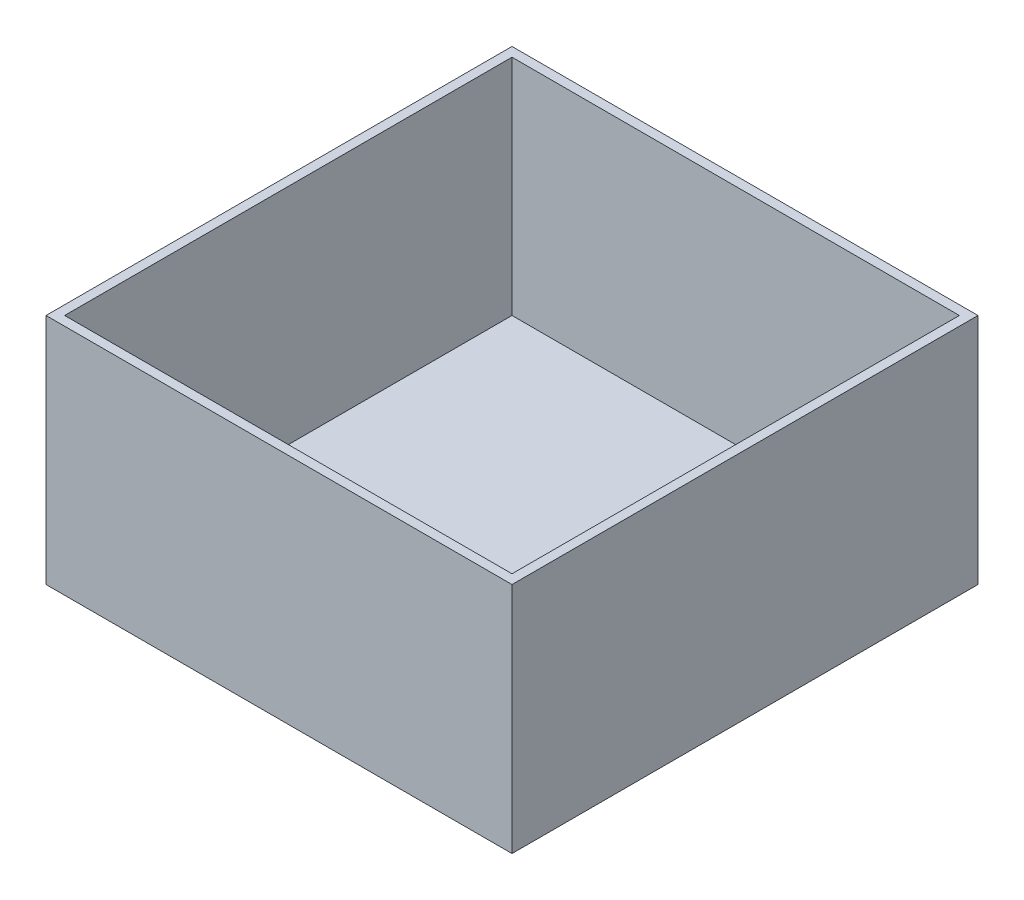
SolidWorks part; units mm, degrees
ref_plane "Plan de face" through (0, 0, 0) normal (0, 0, 1) x (1, 0, 0)
ref_plane "Plan de dessus" through (0, 0, 0) normal (0, 1, 0) x (1, 0, 0)
ref_plane "Plan de droite" through (0, 0, 0) normal (1, 0, 0) x (0, 0, -1)
sketch "Esquisse1" plane through (0, 0, 0) normal (0, 1, 0) x (1, 0, 0)
  line L1 (-145.9194, 401.3386) -> (354.0806, 401.3386)
  line L2 (-145.9194, 401.3386) -> (-145.9194, -98.6614)
  line L3 (-145.9194, -98.6614) -> (354.0806, -98.6614)
  line L4 (354.0806, 401.3386) -> (354.0806, -98.6614)
extrude "Boss.-Extru.1" add sketch "Esquisse1" along normal blind 250
shell "Coque1" thickness 10

• [What the exercise asks]
If an entry contains an image, please omit that image and print everything else verbatim.

• [Solved exercise]
SolidWorks part; units mm, degrees
ref_plane "Plan de face" through (0, 0, 0) normal (0, 0, 1) x (1, 0, 0)
ref_plane "Plan de dessus" through (0, 0, 0) normal (0, 1, 0) x (1, 0, 0)
ref_plane "Plan de droite" through (0, 0, 0) normal (1, 0, 0) x (0, 0, -1)
sketch "Esquisse1" plane through (0, 0, 0) normal (0, 1, 0) x (1, 0, 0)
  line L1 (-145.9194, 401.3386) -> (354.0806, 401.3386)
  line L2 (-145.9194, 401.3386) -> (-145.9194, -98.6614)
  line L3 (-145.9194, -98.6614) -> (354.0806, -98.6614)
  line L4 (354.0806, 401.3386) -> (354.0806, -98.6614)
extrude "Boss.-Extru.1" add sketch "Esquisse1" along normal blind 250
shell "Coque1" thickness 10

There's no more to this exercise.